Directions for this task: When you reach the line in the listing below that contains "Bottom Layer w50: K1.3@1192.02,835", begin returning lines exactly as written, and stop after the line that contains "Top Layer w20: v1(4102,982)". Return no other lines.

Exercise data:
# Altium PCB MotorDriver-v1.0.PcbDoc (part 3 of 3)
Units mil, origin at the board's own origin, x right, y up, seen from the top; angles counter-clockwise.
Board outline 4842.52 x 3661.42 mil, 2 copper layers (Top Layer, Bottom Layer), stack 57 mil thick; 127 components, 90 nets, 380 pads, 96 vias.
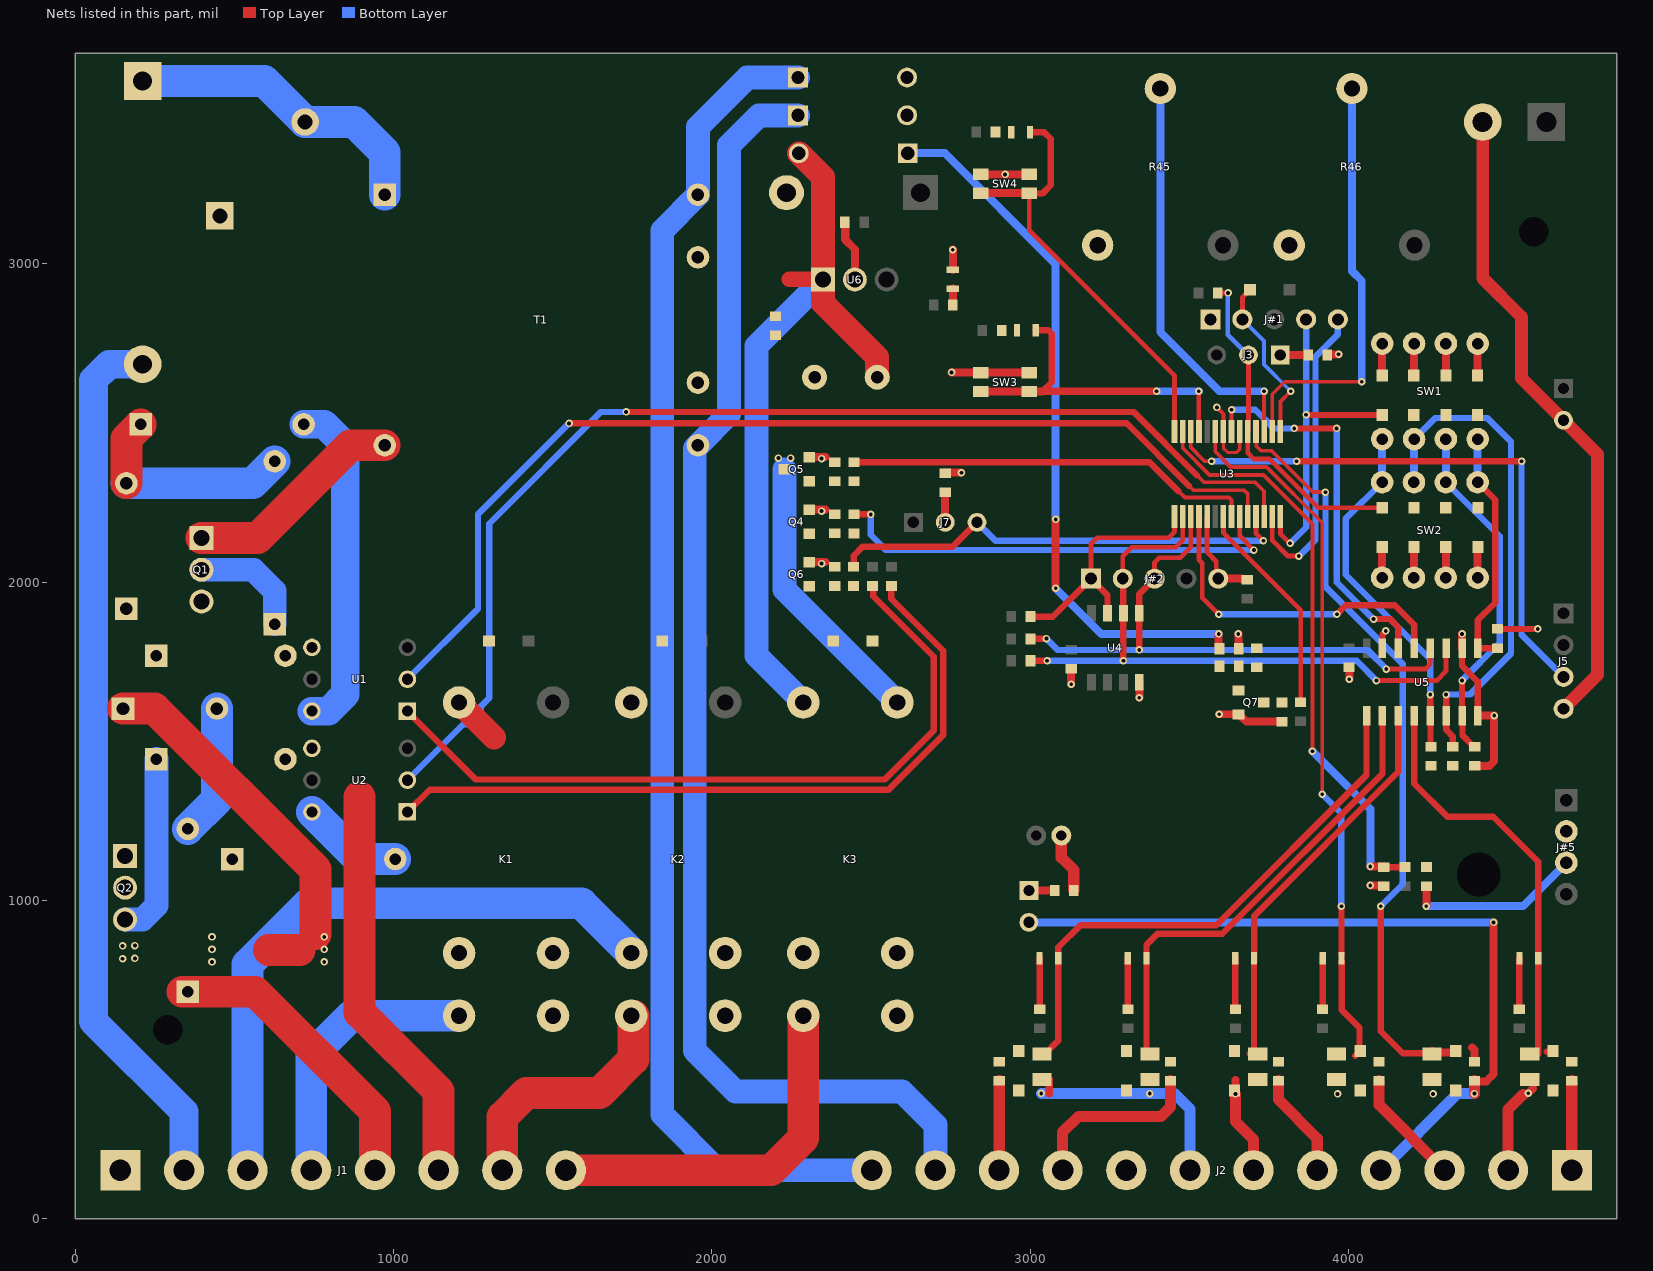
[diagram p2: the nets of this part, all layers, seen from the top]

## Via types
v1: diameter 23.62, hole 11.81, Top Layer to Bottom Layer, 96 vias

## Nets (pads, with @x,y where several pads share a name; then routed paths per layer and width w, separated by ;. In a path a pad name is that pad's centre, name@x,y a point inside that pad or via, vN(x,y) a via of type N, cw(c..) or ccw(c..) an arc to the next point about the centre after c; other vN are vias at no path point) (continued)
"Coil 3": D3.1 K3.8 Q5.3 | length 879.8
  Bottom Layer w75: 2228,2355 2228,1976.52 K3.8@2582.46,1622.06
  other v1: 2209,2390 2247,2390
Costa: J2.4 J8.2 R42.2 | length 2441.4
  Top Layer w25: R42.2@4396,433.4 4397.93,431.46 4433.46,431.46 4456,454 v1(4456,931)
  Top Layer w35: v1(4396,393) R42.2@4396,433.4
  Bottom Layer w25: J8.2@2996,931 v1(4456,931)
  Bottom Layer w35: J2.4@4102,152 4343,393 v1(4396,393)
D0: C13.2 D10.2 LED18.2 R39.1 U5.1 | length 1745.7
  Top Layer w20: C13.2@3037,517.4 3042.4,512 3042.4,513.9 3088.53,560.03 LED18.2@3088.53,818 3088.53,852.53 3158,922 3585,922 4057,1394 U5.1@4057,1579.7
D1: C14.2 D11.2 LED19.2 R40.1 U5.2 | length 1492.9
  Top Layer w20: C14.2@3375,517.4 3365.53,526.87 LED19.2@3365.53,818 3365.53,860.53 3400,895 3604,895 4107,1398 U5.2@4107,1579.7
D2: C15.2 D12.2 LED20.2 R41.1 U5.3 | length 1244.3
  Top Layer w20: C15.2@3689.03,518.5 3703.53,533 LED20.2@3703.53,798.53 ; LED20.2@3704,809.11 3704,951 4157,1404 U5.3@4157,1579.7
D3: C18.2 D14.2 LED22.2 R44.1 U5.4 | length 1315.5
  Top Layer w20: U5.4@4207,1579.7 4207,1367 4311.43,1262.57 4455.43,1262.57 4596.53,1121.47 LED22.2@4596.53,818 C18.2@4596.53,517.4 ; 4623.51,524.01 D14.2@4631,524.01
D4: R11.1 SW1.1 SW2.2 U5.5 | length 1124.8
  Top Layer w12: U5.5@4257,1579.7 U5.5@4258,1578.7 ; R11.1@4258,1484 R11.1@4259,1483
  Top Layer w15: R11.1@4258.85,1482.15 R11.1@4259,1482
  Top Layer w20: U5.5@4257,1579.7 v1(4257,1647) ; R11.1@4258,1484 U5.5@4258,1578.7
  Bottom Layer w12: SW2.2@4106,2314 SW2.2@4106.15,2314.15 ; SW1.1@4106.15,2449.53 SW1.1@4106.3,2449.68
  Bottom Layer w20: SW2.2@4106,2314 3992,2200 3992,2023 4257,1758 v1(4257,1647)
  Bottom Layer w25: SW2.2@4106.15,2314.15 SW1.1@4106.15,2449.53
D5: R16.1 SW1.3 SW2.4 U5.6 | length 1594.2
  Top Layer w20: v1(4307,1647) U5.6@4307,1579.7 4307,1536 4328,1515 R16.1@4328,1483
  Bottom Layer w20: SW2.4@4206,2314 SW2.4@4206.15,2314.15 ; SW1.3@4206.15,2449.53 SW1.3@4206.3,2449.68 4272.62,2516 4436,2516 4511,2441 4511,1776 4382,1647 v1(4307,1647)
  Bottom Layer w25: SW2.4@4206.15,2314.15 SW1.3@4206.15,2449.53
D6: R29.1 SW1.5 SW2.6 U5.7 | length 1104.5
  Top Layer w20: v1(4357,1691) U5.7@4357,1579.7 4358.52,1578.18 4358.52,1518.98 4389.5,1488 4392,1488 R29.1@4397,1483
  Bottom Layer w20: SW2.6@4306.15,2314.15 SW2.6@4306,2314 4476,2144 4476,1810 v1(4357,1691) ; SW1.5@4306.15,2449.53 SW1.5@4306.3,2449.68
  Bottom Layer w25: SW2.6@4306.15,2314.15 SW1.5@4306.15,2449.53
D7: R25.1 SW1.7 SW2.8 U5.9 | length 766.2
  Top Layer w15: U5.9@4407,1792.3 U5.9@4407.3,1792 ; 4407,1881 4408,1880
  Top Layer w20: SW2.8@4406,2314 4461,2259 4461,1935 4407,1881 U5.9@4407,1792.3 ; U5.9@4407.3,1792 4468,1792 R25.1@4469,1793
  Bottom Layer w25: SW2.8@4406.3,2314.3 SW1.7@4406.3,2449.68
DC#: C7.1 D4.1 D5.2 D6.2 R26.2 | length 2246.3
  Top Layer w25: v1(3080,1981) v1(3080,2197.06) ; v1(3592.5,1837.5) 3592.5,1793.5 C7.1@3595,1791
  Bottom Layer w25: D4.1@2616.32,3348 2732,3348 3080,3000 v1(3080,2197.06) ; v1(3080,1981) 3223.5,1837.5 v1(3592.5,1837.5)
ENC: J#5.3 R32.2 | length 559.5
  Top Layer w25: v1(4245,982) R32.2@4245,1045
  Bottom Layer w25: v1(4245,982) 4548.57,982 J#5.3@4685,1118.43
ENC#: C12.1 R31.2 R32.1 U3.13 | length 1820.2
  Top Layer w12: U3.13@3479.25,2473.86 3479.25,2421.75 3564,2337 3733,2337 3887,2183 v1(3887,1469) ; C12.1@4116,1104 C12.1@4116.25,1104.25
  Top Layer w20: v1(4069,1107) v1@4069.69,1106.31 ; C12.1@4113.69,1106.31 4116,1104 R31.2@4177.5,1104
  Top Layer w25: v1@4069.69,1106.31 C12.1@4113.69,1106.31
  Bottom Layer w25: v1(3887,1469) 4069,1287 v1(4069,1107)
GND: C3.2 C4.1 C5.2 C6.1 C7.2 C8.2 C9.2 C10.1 C11.2 C12.2 C15.1 C16.1 C17.1 C18.1 C20.1 D7.2 D9.1 D12.1 D13.1 D14.1 J2.2 J2.6 J4.2 J5.4 J#1.1 J#2.5 J#4.2 J#5.2 LED16.2 Q4.2 Q5.2 Q6.2 Q7.2 R10.1 R11.2 R13.2 R16.2 R17.2 R21.2 R25.2 R27.2 R29.2 R30.2 R45.1 R46.1 SW3.1 SW4.1 T1.7 T1.9 U3.6 U3.8 U3.19 U4.4 U5.8 U5.10 U5.15 U6.2 | length 5493.4
  Top Layer w10: U3.8@3607.2,2473.86 3607.2,2420.8 3620,2408 3649,2408 3658.39,2417.39 U3.6@3658.39,2473.86
  Top Layer w12: v1(3587,2549) 3607.2,2528.8 U3.8@3607.2,2473.86
  Top Layer w15: U3.19@3556.02,2206.14 3556.02,2093.98 3585,2065 3585,2017 J#2.5@3591,2011
  Top Layer w20: U5.15@4107,1792.3 4106.98,1836.98 v1(4117,1847) ; U5.10@4357,1792.3 4357,1737 4407,1687 U5.8@4407,1579.7 ; R25.2@4469,1853 v1(4595,1853)
  Top Layer w25: Q6.2@2307.37,2063.4 2357.37,2063.4 ; Q4.2@2307.37,2228.4 2357.37,2228.4 ; Q5.2@2307.37,2393.4 2357.37,2393.4 ; C3.2@2418,3131 2418,3077 2449,3046 U6.2@2449,2951 ; 2419,3085.29 C3.2@2419,3135.29 ; C6.1@2734,2344 v1(2784,2344) ; v1(2753,2659) 2753.47,2658.53 SW3.1@2845.21,2658.53 SW3.1@2996.79,2658.53 ; LED16.2@2757,2981.53 v1(2757,3045) ; SW4.1@2845.21,3281.53 v1(2921,3281.53) SW4.1@2996.79,3281.53 ; v1(3129,1679.27) C8.2@3129,1728 ; R45.1@3212.15,3058.94 R45.1@3214.21,3061 ; v1(3343,1637) U4.4@3343,1685.73 ; J#2.5@3591,2011 3591.11,2010.89 3664.28,2010.89 3664.68,2010.5 3679.5,2010.5 C20.1@3682,2008 ; v1(3594,1585) 3654.23,1585 Q7.2@3654.63,1584.6 3656.6,1584.6 3679.2,1562 C9.2@3791,1562 ; v1(3645,392) 3645,436 ; C7.2@3654,1792 v1(3654,1837.5) ; R10.1@3934,2714 3936,2716 v1(3969,2716) ; v1(4003,1695) C10.1@4003,1733 ; v1@4069.69,1046.31 C12.2@4113.69,1046.31 ; U5.10@4357,1792.3 v1(4357,1837.5) ; R29.2@4397,1423 4443.36,1423 4458,1437.64 v1(4458,1580.7) U5.8@4408,1580.7 ; 4548.5,389.5 4553.04,394.04 v1(4564.99,394.04) 4579.76,408.8 ; C18.1@4565,437.4 4567.5,437.4 C18.1@4575,429.9
  Top Layer w35: C11.2@3097.74,1204 3097.74,1134.26 3137,1095 R30.2@3137,1032 ; v1(3645,392) 3645,305 3702,248 J2.6@3702,152 ; J2.2@4502,152 4502,343 4548.5,389.5
  Top Layer w40: J#4.2@4422,3446 4422,2955 4544,2833 4544,2641 J4.2@4676,2509 4783,2402 4783,1709.26 J5.4@4676.07,1602.34
  other v1: 3966,392 4266,392 4069,1047 2344.37,2058.4 2344.37,2223.4 2344.37,2388.4
LINE: J1.2 J1.3 J10.2 K2.3 K2.6 K3.3 K3.6 | length 4776.9
  Bottom Layer w75: J10.2@208.13,2682.25 J10.2@211,2685.12
  Bottom Layer w90: J10.2@211,2685.12 106.22,2685.12 56.43,2635.33 56.43,620.57 341,336 J1.2@341,152
  Bottom Layer w100: J1.3@541,152 541,799 733,991 1589.84,991 K2.3@1746.18,834.66
LSC: J2.10 R39.2 | length 280.4
  Top Layer w35: J2.10@2903,153 R39.2@2903,433.4
LSO: J2.9 R40.2 | length 573.8
  Top Layer w35: J2.9@3102,152 3102,272 3151.32,321.32 3410.81,321.32 3441,351.52 R40.2@3441,433.4
NetC2_2: C2.2 R5.1 R6.2 | length 416.1
  Bottom Layer w100: R6.2@353,1224.81 444.64,1316.45 C2.2@444.64,1603
NetC6_2: C6.2 J7.2 | length 95
  Top Layer w25: J7.2@2733,2188 C6.2@2733,2283
NetC19_2: C19.2 R1.1 R2.2 | length 698.4
  Top Layer w100: C19.2@160,2310.85 160,2450.91 R1.1@205.09,2496
  Bottom Layer w100: C19.2@160,2310.85 556.94,2310.85 R2.2@626,2379.91
NetJ3_1: J3.1 R10.2 | length 88
  Top Layer w25: J3.1@3786,2714 R10.2@3874,2714
NetJ8_1: J8.1 R30.1 | length 81
  Top Layer w25: J8.1@2996,1031 R30.1@3077,1031
NetJ10_1: J10.1 RV1.2 T1.1 | length 986.4
  Bottom Layer w100: J10.1@211,3574.88 593.11,3574.88 RV1.2@721.72,3446.28 875.72,3446.28 971.87,3350.13 T1.1@971.87,3217.7
NetLED15_1: LED15.1 R7.2
NetLED16_1: LED16.1 R8.2 | length 51.5
  Top Layer w25: R8.2@2757,2871 LED16.1@2757,2922.47
NetLED17_1: LED17.1 R9.2
NetLED18_1: LED18.1 R33.2 | length 159.8
  Top Layer w20: LED18.1@3029.74,817.74 3029.74,658.77 R33.2@3030,658.51
  Top Layer w25: R33.2@3030,658 R33.2@3030,658.51
NetLED19_1: LED19.1 R34.2 | length 159.8
  Top Layer w20: LED19.1@3306.74,817.74 3306.74,658.77 R34.2@3307,658.51
  Top Layer w25: R34.2@3307,658 R34.2@3307,658.51
NetLED20_1: LED20.1 R35.2 | length 159.8
  Top Layer w20: LED20.1@3644.74,817.74 3644.74,658.77 R35.2@3645,658.51
  Top Layer w25: R35.2@3645,658 R35.2@3645,658.51
NetLED21_1: LED21.1 R36.2 | length 159.7
  Top Layer w20: R36.2@3919,658.51 3919,808 3919.47,808.47 LED21.1@3919.47,818
NetLED22_1: LED22.1 R38.2 | length 159.5
  Top Layer w20: R38.2@4537,658.51 LED22.1@4537,818
NetQ1_3: Q1.3 R3.1
NetQ2_3: Q2.3 R4.1 | length 576.4
  Bottom Layer w75: Q2.3@156,940 210.25,940.04 254.24,984.03 R4.1@254.24,1444
NetQ4_1: Q4.1 R13.1 R14.1
NetQ5_1: Q5.1 R17.1 R18.1
NetQ6_1: Q6.1 R21.1 R22.1
NetQ7_1: Q7.1 R26.1 R27.1
NetR1_2: R1.2 U1.6 | length 1067.4
  Bottom Layer w90: R1.2@716.91,2496 782,2496 848,2430 848,1648 795,1595 U1.6@743,1595
NetR3_2: R3.2 U1.4
NetR4_2: R4.2 U2.4
NetR5_2: R5.2 U2.6 | length 323.2
  Bottom Layer w100: U2.6@743,1278 891,1130 R5.2@1004.91,1130
NetR23_1: R23.1 U1.1 | length 2340.5
  Top Layer w20: U1.1@1043,1595 1258,1380 2543,1380 2697,1534 2697,1766 2507.3,1955.7 2507.3,1985.37 R23.1@2504.67,1988
NetR24_1: R24.1 U2.1 | length 2319.8
  Top Layer w20: U2.1@1043,1278 1112.78,1347.78 2554.78,1347.78 2727,1520 2727,1785 2564,1948 R24.1@2564,1988
Neutral: C2.1 C19.1 J1.1 K1.3 K1.6 Q1.1 Q2.1 RV1.1 T1.5 | length 1811.1
  Top Layer w100: C2.1@149.36,1603 248,1603 754,1097 754,893.81 ; Q1.1@396,2139 573,2139 864.3,2430.3 T1.5@971.87,2430.3 ; 608,844.5 704.69,844.5
  Bottom Layer w50: K1.3@1192.02,835 K1.3@1192.36,834.66
  other v1: 429,806.8 782,806.8 147.81,816.8 187,817.8 429,846 782,846 147.81,857 187,858 429,885.2 782,885.2
OPT1: J1.5 Q2.2 R6.1 | length 945.7
  Top Layer w100: R6.1@336,713 565,713 941,337 J1.5@941,152
OPT2: J1.6 Q1.2 R2.1 | length 1638.5
  Top Layer w100: 893,1325.48 893,648 1141,400 J1.6@1141,152
  Bottom Layer w75: Q1.2@396,2039 560,2039 626,1973 R2.1@626,1868.09
PED.: J2.3 R43.2 | length 366.7
  Top Layer w35: R43.2@4096,433.4 4096,358 J2.3@4302,152
PHO: J2.5 R41.2 | length 331.9
  Top Layer w35: R41.2@3780,433.4 3780,374 3902,252 J2.5@3902,152
PRG: LED15.2 SW4.2 U3.14 | length 1387.5
  Top Layer w15: SW4.2@2996.79,3222.47 2996.79,3105.21 3453.66,2648.34 3453.66,2526.34 U3.14@3453.66,2473.86
  Top Layer w20: SW4.2@2997.87,3221.39 3038.61,3221.39 3065,3247.77 3065,3393 3044.67,3413.33 ; LED15.2@2999.53,3414 3044,3414
  Top Layer w25: SW4.2@2845.21,3222.47 SW4.2@2996.79,3222.47 SW4.2@2997.87,3221.39
PRT: LED17.2 SW3.2 U3.11 | length 1058.2
  Top Layer w15: U3.11@3530,2474.29 v1(3530,2600)
  Top Layer w20: LED17.2@3017.53,2792 3056.28,2792 3068,2780.28 3068,2628.76 3038.71,2599.47
  Top Layer w25: SW3.2@2845.21,2599.47 SW3.2@2996.79,2599.47 3038.71,2599.47 ; 3039.24,2600 v1(3397,2600)
  Bottom Layer w25: v1(3397,2600) v1(3530,2600)
RA0: R46.2 U3.2 | length 1348.3
  Top Layer w12: U3.2@3760.75,2473.86 3760.75,2590.75 3800,2630 v1(4042,2630)
  Bottom Layer w25: R46.2@4011,3551.06 4011,2978 4042,2947 v1(4042,2630)
RA1: R45.2 U3.3 | length 1294.4
  Top Layer w12: U3.3@3735.16,2473.86 v1(3735.16,2600)
  Bottom Layer w25: R45.2@3409,3551.06 3409,2786 3595,2600 v1(3735.16,2600)
RA2: C16.2 D9.2 R42.1 U3.4 | length 2439.7
  Top Layer w12: U3.4@3709.57,2473.86 3710.22,2473.21 3710.22,2427.78 3725,2413 3758,2413 3888,2283 v1(3928,2283)
  Top Layer w20: v1(4102,982) 4102,589 4171,520 4260.4,520 C16.2@4263,517.4
  Top Layer w25: C16.2@4263,521.5 4314.5,521.5 ; C16.2@4263.69,524.9 C16.2@4263.69,526.36 ; 4388,538.28 4395.99,530.28 R42.1@4395.99,492.89
  Bottom Layer w20: v1(3928,2283) 3928,1986 4171,1743 4171,1051 v1(4102,982)
RA3: D#2.1 D#3.1 D#4.1 D#5.1 J3.2 R12.1 U3.5 | length 1059.4
  Top Layer w15: R12.1@3590,2908 R12.1@3589,2909 v1(3622,2909) ; J3.2@3686,2714 3686,2510.55 3685.33,2509.89 3685.33,2475.22 U3.5@3683.98,2473.86 3683.98,2406.02 3703,2387 3753,2387 3905.99,2234.01 D#2.1@4106,2234.01
  Bottom Layer w15: v1(3622,2909) 3621,2908 3621,2777 J3.2@3685,2713
RA5: U3.7 U5.14 | length 1224.1
  Top Layer w12: U3.7@3632.8,2473.86 v1@3632.8,2541.8
  Top Layer w20: v1(3830,2483) v1(3963,2483) ; v1(4079,1884) 4079.19,1884.19 4130.81,1884.19 4157,1858 U5.14@4157,1792.3
  Bottom Layer w20: v1(3633,2542) 3707,2542 3766,2483 v1(3830,2483) ; v1(3963,2483) 3963,2000 v1(4079,1884)
RA7: C17.2 D13.2 LED21.2 R43.1 U3.9 | length 2202
  Top Layer w12: U3.9@3581.61,2473.86 3581.61,2410.39 3630,2362 3743,2362 3918,2187 v1(3918,1334)
  Top Layer w20: v1(3978,982) 3978.37,981.63 LED21.2@3978.37,827.69 ; LED21.2@3978.53,808.31 3978.53,656.47 4035,600 4035,525.51 D13.2@4021.49,512
  Bottom Layer w20: v1(3918,1334) 3978,1274 v1(3978,982)
RB0: C9.1 Q7.3 R28.1 U3.21 | length 683.7
  Top Layer w15: U3.21@3607.2,2206.14 3607.2,2154.8 3850,1912 3850,1719.53 R28.1@3850,1623
RB1: R18.2 U3.22 | length 1288.1
  Top Layer w12: 3466.08,2285.92 3486,2266 3625,2266 3632.8,2258.2 U3.22@3632.8,2206.14
  Top Layer w20: R18.2@2446,2377 3375,2377 3466.08,2285.92
RB2: R14.2 U3.23 | length 1464.8
  Top Layer w12: U3.23@3658.39,2206.14 U3.23@3658.69,2205.83
  Top Layer w15: U3.23@3658.69,2205.83 3658.69,2145.31 v1(3703,2101)
  Top Layer w20: R14.2@2446,2213 v1(2499,2213)
  Bottom Layer w20: v1(2499,2213) 2499,2148.55 2546.55,2101 v1(3703,2101)
RB3: U1.2 U3.24 | length 3310.2
  Top Layer w12: 3498.47,2303.53 3513,2289 3672,2289 3683.98,2277.02 U3.24@3683.98,2206.14
  Top Layer w20: v1(1551,2499) 3303,2499 3498.47,2303.53
  Bottom Layer w20: U1.2@1043,1695 1265,1917 1265,2213 v1(1551,2499)
RB4: J7.3 R22.2 U3.25 | length 1476.2
  Top Layer w15: U3.25@3709.57,2206.14 3709.57,2153.43 v1(3733,2130)
  Top Layer w20: R22.2@2445.33,2048 2445.33,2083.33 2473,2111 2756,2111 J7.3@2833,2188
  Bottom Layer w20: J7.3@2833,2188 2891,2130 v1(3733,2130)
RB5: U2.2 U3.26 | length 3684.5
  Top Layer w12: 3523.99,2336.01 3546,2314 3707,2314 3735.16,2285.84 U3.26@3735.16,2206.14
  Top Layer w20: v1(1730,2535) 3325,2535 3523.99,2336.01
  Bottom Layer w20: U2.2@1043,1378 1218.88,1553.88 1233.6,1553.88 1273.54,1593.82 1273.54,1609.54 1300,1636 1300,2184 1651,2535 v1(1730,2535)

Your response:
  Bottom Layer w50: K1.3@1192.02,835 K1.3@1192.36,834.66
  other v1: 429,806.8 782,806.8 147.81,816.8 187,817.8 429,846 782,846 147.81,857 187,858 429,885.2 782,885.2
OPT1: J1.5 Q2.2 R6.1 | length 945.7
  Top Layer w100: R6.1@336,713 565,713 941,337 J1.5@941,152
OPT2: J1.6 Q1.2 R2.1 | length 1638.5
  Top Layer w100: 893,1325.48 893,648 1141,400 J1.6@1141,152
  Bottom Layer w75: Q1.2@396,2039 560,2039 626,1973 R2.1@626,1868.09
PED.: J2.3 R43.2 | length 366.7
  Top Layer w35: R43.2@4096,433.4 4096,358 J2.3@4302,152
PHO: J2.5 R41.2 | length 331.9
  Top Layer w35: R41.2@3780,433.4 3780,374 3902,252 J2.5@3902,152
PRG: LED15.2 SW4.2 U3.14 | length 1387.5
  Top Layer w15: SW4.2@2996.79,3222.47 2996.79,3105.21 3453.66,2648.34 3453.66,2526.34 U3.14@3453.66,2473.86
  Top Layer w20: SW4.2@2997.87,3221.39 3038.61,3221.39 3065,3247.77 3065,3393 3044.67,3413.33 ; LED15.2@2999.53,3414 3044,3414
  Top Layer w25: SW4.2@2845.21,3222.47 SW4.2@2996.79,3222.47 SW4.2@2997.87,3221.39
PRT: LED17.2 SW3.2 U3.11 | length 1058.2
  Top Layer w15: U3.11@3530,2474.29 v1(3530,2600)
  Top Layer w20: LED17.2@3017.53,2792 3056.28,2792 3068,2780.28 3068,2628.76 3038.71,2599.47
  Top Layer w25: SW3.2@2845.21,2599.47 SW3.2@2996.79,2599.47 3038.71,2599.47 ; 3039.24,2600 v1(3397,2600)
  Bottom Layer w25: v1(3397,2600) v1(3530,2600)
RA0: R46.2 U3.2 | length 1348.3
  Top Layer w12: U3.2@3760.75,2473.86 3760.75,2590.75 3800,2630 v1(4042,2630)
  Bottom Layer w25: R46.2@4011,3551.06 4011,2978 4042,2947 v1(4042,2630)
RA1: R45.2 U3.3 | length 1294.4
  Top Layer w12: U3.3@3735.16,2473.86 v1(3735.16,2600)
  Bottom Layer w25: R45.2@3409,3551.06 3409,2786 3595,2600 v1(3735.16,2600)
RA2: C16.2 D9.2 R42.1 U3.4 | length 2439.7
  Top Layer w12: U3.4@3709.57,2473.86 3710.22,2473.21 3710.22,2427.78 3725,2413 3758,2413 3888,2283 v1(3928,2283)
  Top Layer w20: v1(4102,982) 4102,589 4171,520 4260.4,520 C16.2@4263,517.4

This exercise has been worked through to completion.